#### How to complete this task
What lines of the data below hold "blind"? Show them.

+++++

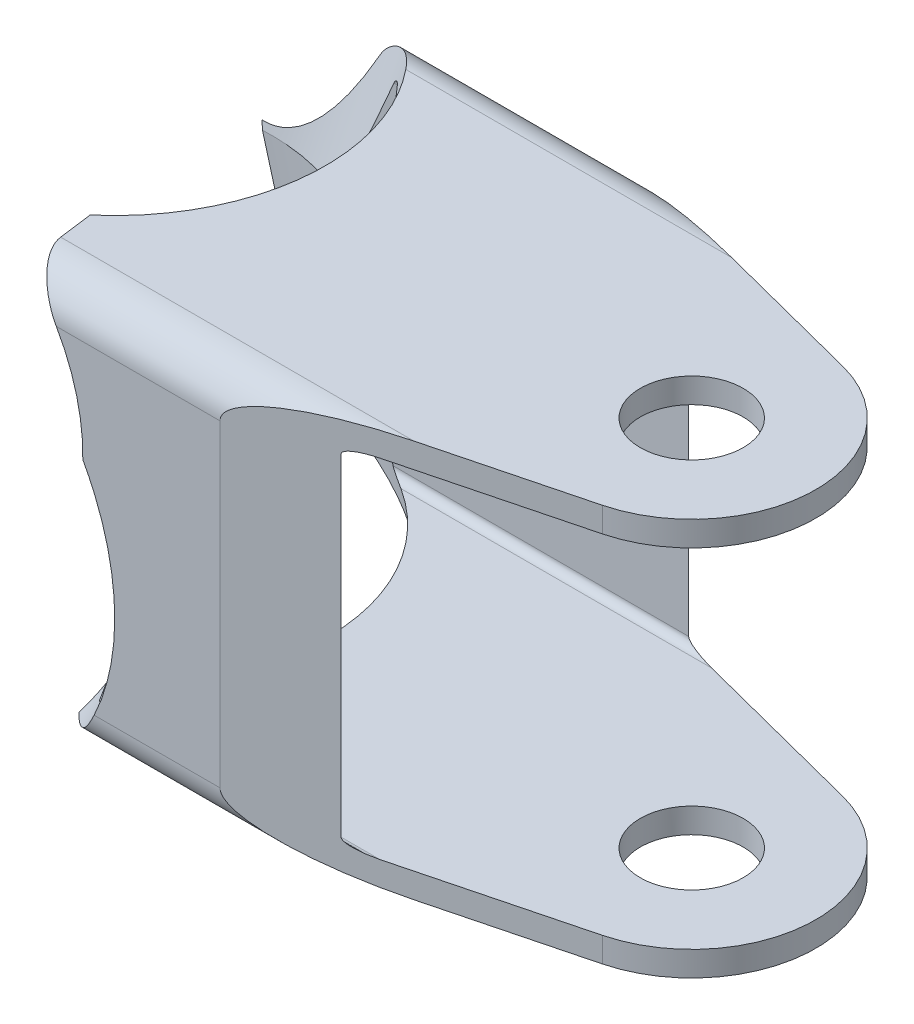
SolidWorks part; units mm, degrees
note: '?' marks a value the reader was unsure of.
material "AISI 4130 Steel, annealed at 865C"
ref_plane "Front Plane" through (0, 0, 0) normal (0, 0, 1) x (1, 0, 0)
ref_plane "Top Plane" through (0, 0, 0) normal (0, 1, 0) x (1, 0, 0)
ref_plane "Right Plane" through (0, 0, 0) normal (1, 0, 0) x (0, 0, -1)
sketch "Sketch1" plane through (0, 0, 0) normal (1, 0, 0) x (0, 0, -1)
  line L1 (-10.16, 12.7) -> (10.16, 12.7)
  line L2 (-12.7, 10.16) -> (-12.7, -10.16)
  line L3 (-10.16, -12.7) -> (10.16, -12.7)
  line L4 (12.7, 10.16) -> (12.7, -10.16)
  arc A0 (-10.16, 12.7) -> (-12.7, 10.16) centre (-10.16, 10.16) ccw
  arc A1 (-10.16, -12.7) -> (-12.7, -10.16) centre (-10.16, -10.16) cw
  arc A2 (10.16, 12.7) -> (12.7, 10.16) centre (10.16, 10.16) cw
  arc A3 (12.7, -10.16) -> (10.16, -12.7) centre (10.16, -10.16) cw
  point P4 (0, -12.7)
  point P7 (0, 0)
  point P15 (12.7, 0)
  dimension "D3" = 2.54
  dimension "D4" = 2.54
  dimension "D5" = 2.54
  dimension "D6" = 2.54
  dimension "D1" = 25.4
  dimension "D2" = 20.32
extrude "Boss-Extrude1" add sketch "Sketch1" along normal blind 25.4 and the other way blind 34.925
sketch "Sketch11" plane through (25.4, 0, 0) normal (1, 0, 0) x (0, 0, -1)
  line L0 (-10.16, -12.7) -> (10.16, -12.7) construction
  line L1 (-10.6045, 11.1125) -> (10.6045, 11.1125)
  line L2 (-11.1125, 10.6045) -> (-11.1125, -10.6045)
  line L3 (-10.6045, -11.1125) -> (10.6045, -11.1125)
  line L4 (11.1125, 10.6045) -> (11.1125, -10.6045)
  line L5 (10.16, 12.7) -> (-10.16, 12.7) construction
  line L6 (12.7, -10.16) -> (12.7, 10.16) construction
  line L7 (-12.7, 10.16) -> (-12.7, -10.16) construction
  arc A0 (10.6045, 11.1125) -> (11.1125, 10.6045) centre (10.6045, 10.6045) cw
  arc A1 (10.6045, -11.1125) -> (11.1125, -10.6045) centre (10.6045, -10.6045) ccw
  arc A2 (-11.1125, -10.6045) -> (-10.6045, -11.1125) centre (-10.6045, -10.6045) ccw
  arc A3 (-10.6045, 11.1125) -> (-11.1125, 10.6045) centre (-10.6045, 10.6045) ccw
  dimension "D1" = 1.5875
  dimension "D2" = 1.5875
  dimension "D3" = 1.5875
  dimension "D4" = 1.5875
  dimension "D5" = 0.508
extrude "Cut-Extrude4" cut sketch "Sketch11" against normal through all
sketch "Sketch12" plane through (0, 12.7, 0) normal (0, 1, 0) x (1, 0, 0)
  line L1 (0, 12.7) -> (50.8, 12.7)
  line L2 (50.8, 12.7) -> (50.8, -12.7)
  line L12 (50.8, -12.7) -> (0, -12.7)
  line L13 (19.4444, -7.6861) -> (0, -12.7)
  line L14 (19.4444, 7.6861) -> (0, 12.7)
  line L15 (-34.925, -12.7) -> (25.4, -12.7) construction
  line L16 (-34.925, 12.7) -> (25.4, 12.7) construction
  line L18 (25.4, 10.16) -> (25.4, -10.16) construction
  arc A1 (19.4444, -7.6861) -> (19.4444, 7.6861) centre (17.4625, 0) ccw
  point P8 (18.1688, 9.2165)
  dimension "D2" = 50.8
  dimension "D1" = 17.4625
extrude "Cut-Extrude5" cut sketch "Sketch12" against normal through all
sketch "Sketch14" plane through (0, 12.7, 0) normal (0, 1, 0) x (1, 0, 0)
  circle A0 centre (17.4625, 0) radius 3.2893
  arc A2 (19.4444, -7.6861) -> (19.4444, 7.6861) centre (17.4625, 0) ccw construction
  point P0 (17.4625, 0)
  point P6 (25.4, 0)
  dimension "D2" = 6.5786
  dimension "D1" = 7.9375
  dimension "D3" = 17.4625
extrude "Cut-Extrude6" cut sketch "Sketch14" against normal through all
ref_axis "Axis1" through (-38.1215, 60.4538, 0.5471) along (0.2581, -0.9661, -0.0075)?
ref_axis "Axis2" through (-23.0524, 2.8538, 0.2443) along (0.1865, 0.9626, -0.1964)?
ref_axis "Axis3" through (-102.6436, -17.7543, 0.1041) along (0.9661, 0.2581, 0)?
ref_axis "Axis4" through (-14.632, 5.1648, 75.9316) along (-0.1086, -0.0213, -0.9939)?
ref_axis "Axis5" through (-21.9028, 1.5156, 4.2211) along (0.2163, -0.431, 0.876)?
ref_point "Point1"
ref_point "Point2"
ref_point "Point3"
ref_point "Point4"
ref_point "Point5"
ref_plane "Plane1" through (-25.3657, 12.7, 0.1754) normal (0.2581, -0.9661, -0.0075) x (-0.9661, -0.2581, -0.002)
ref_plane "Plane2" through (-21.1452, 12.7, -1.7643) normal (-0.1865, -0.9626, 0.1964) x (-0.9825, 0.1827, -0.0373)
ref_plane "Plane3" through (-34.925, 0.3344, 0.1041) normal (0.9661, 0.2581, 0) x (0, 0, -1)
ref_plane "Plane4" through (-21.5426, 3.811, 12.7) normal (-0.1086, -0.0213, -0.9939) x (-0.9941, 0.0023, 0.1086)
ref_plane "Plane5" through (-19.8094, -2.6562, 12.7) normal (-0.2163, 0.431, -0.876) x (-0.9763, -0.0955, 0.1941)
sketch "Sketch15" plane through (-25.3657, 12.7, 0.1754) normal (0.2581, -0.9661, -0.0075) x (-0.9661, -0.2581, -0.002)
  circle A0 centre (0, 0) radius 12.7
sketch "Sketch16" plane through (-21.1452, 12.7, -1.7643) normal (-0.1865, -0.9626, 0.1964) x (-0.9825, 0.1827, -0.0373)
  circle A0 centre (0, 0) radius 12.7
sketch "Sketch17" plane through (-34.925, 0.3344, 0.1041) normal (0.9661, 0.2581, 0) x (0, 0, -1)
  circle A0 centre (0, 0) radius 12.7
sketch "Sketch18" plane through (-21.5426, 3.811, 12.7) normal (-0.1086, -0.0213, -0.9939) x (-0.9941, 0.0023, 0.1086)
  circle A0 centre (0, 0) radius 12.7
sketch "Sketch19" plane through (-19.8094, -2.6562, 12.7) normal (-0.2163, 0.431, -0.876) x (-0.9763, -0.0955, 0.1941)
  circle A0 centre (0, 0) radius 12.7
extrude "Cut-Extrude7" cut sketch "Sketch15" against normal blind 12.7 and the other way blind 76.2
extrude "Cut-Extrude8" cut sketch "Sketch16" against normal blind 25.4 and the other way blind 10.668
extrude "Cut-Extrude9" cut sketch "Sketch17" against normal blind 25.4 and the other way blind 13.462
extrude "Cut-Extrude10" cut sketch "Sketch18" against normal blind 25.4 and the other way blind 11.43
extrude "Cut-Extrude11" cut sketch "Sketch19" against normal blind 25.4 and the other way blind 10.668
ref_plane "Plane6" through (-20.5099, -5.4785, 0) normal (-0.9661, -0.2581, 0) x (0.2581, -0.9661, -0.0075)
sketch "Sketch20" plane through (-20.5099, -5.4785, 0) normal (-0.9661, -0.2581, 0) x (0.2581, -0.9661, -0.0075)
  line L1 (-25.07, 16.3096) -> (21.849, 16.3096)
  line L2 (-25.07, 16.3096) -> (-25.07, -19.8226)
  line L3 (-25.07, -19.8226) -> (21.849, -19.8226)
  line L4 (21.849, 16.3096) -> (21.849, -19.8226)
extrude "Cut-Extrude12" cut sketch "Sketch20" along normal through all

+++++

#### The answer
extrude "Boss-Extrude1" add sketch "Sketch1" along normal blind 25.4 and the other way blind 34.925
extrude "Cut-Extrude7" cut sketch "Sketch15" against normal blind 12.7 and the other way blind 76.2
extrude "Cut-Extrude8" cut sketch "Sketch16" against normal blind 25.4 and the other way blind 10.668
extrude "Cut-Extrude9" cut sketch "Sketch17" against normal blind 25.4 and the other way blind 13.462
extrude "Cut-Extrude10" cut sketch "Sketch18" against normal blind 25.4 and the other way blind 11.43
extrude "Cut-Extrude11" cut sketch "Sketch19" against normal blind 25.4 and the other way blind 10.668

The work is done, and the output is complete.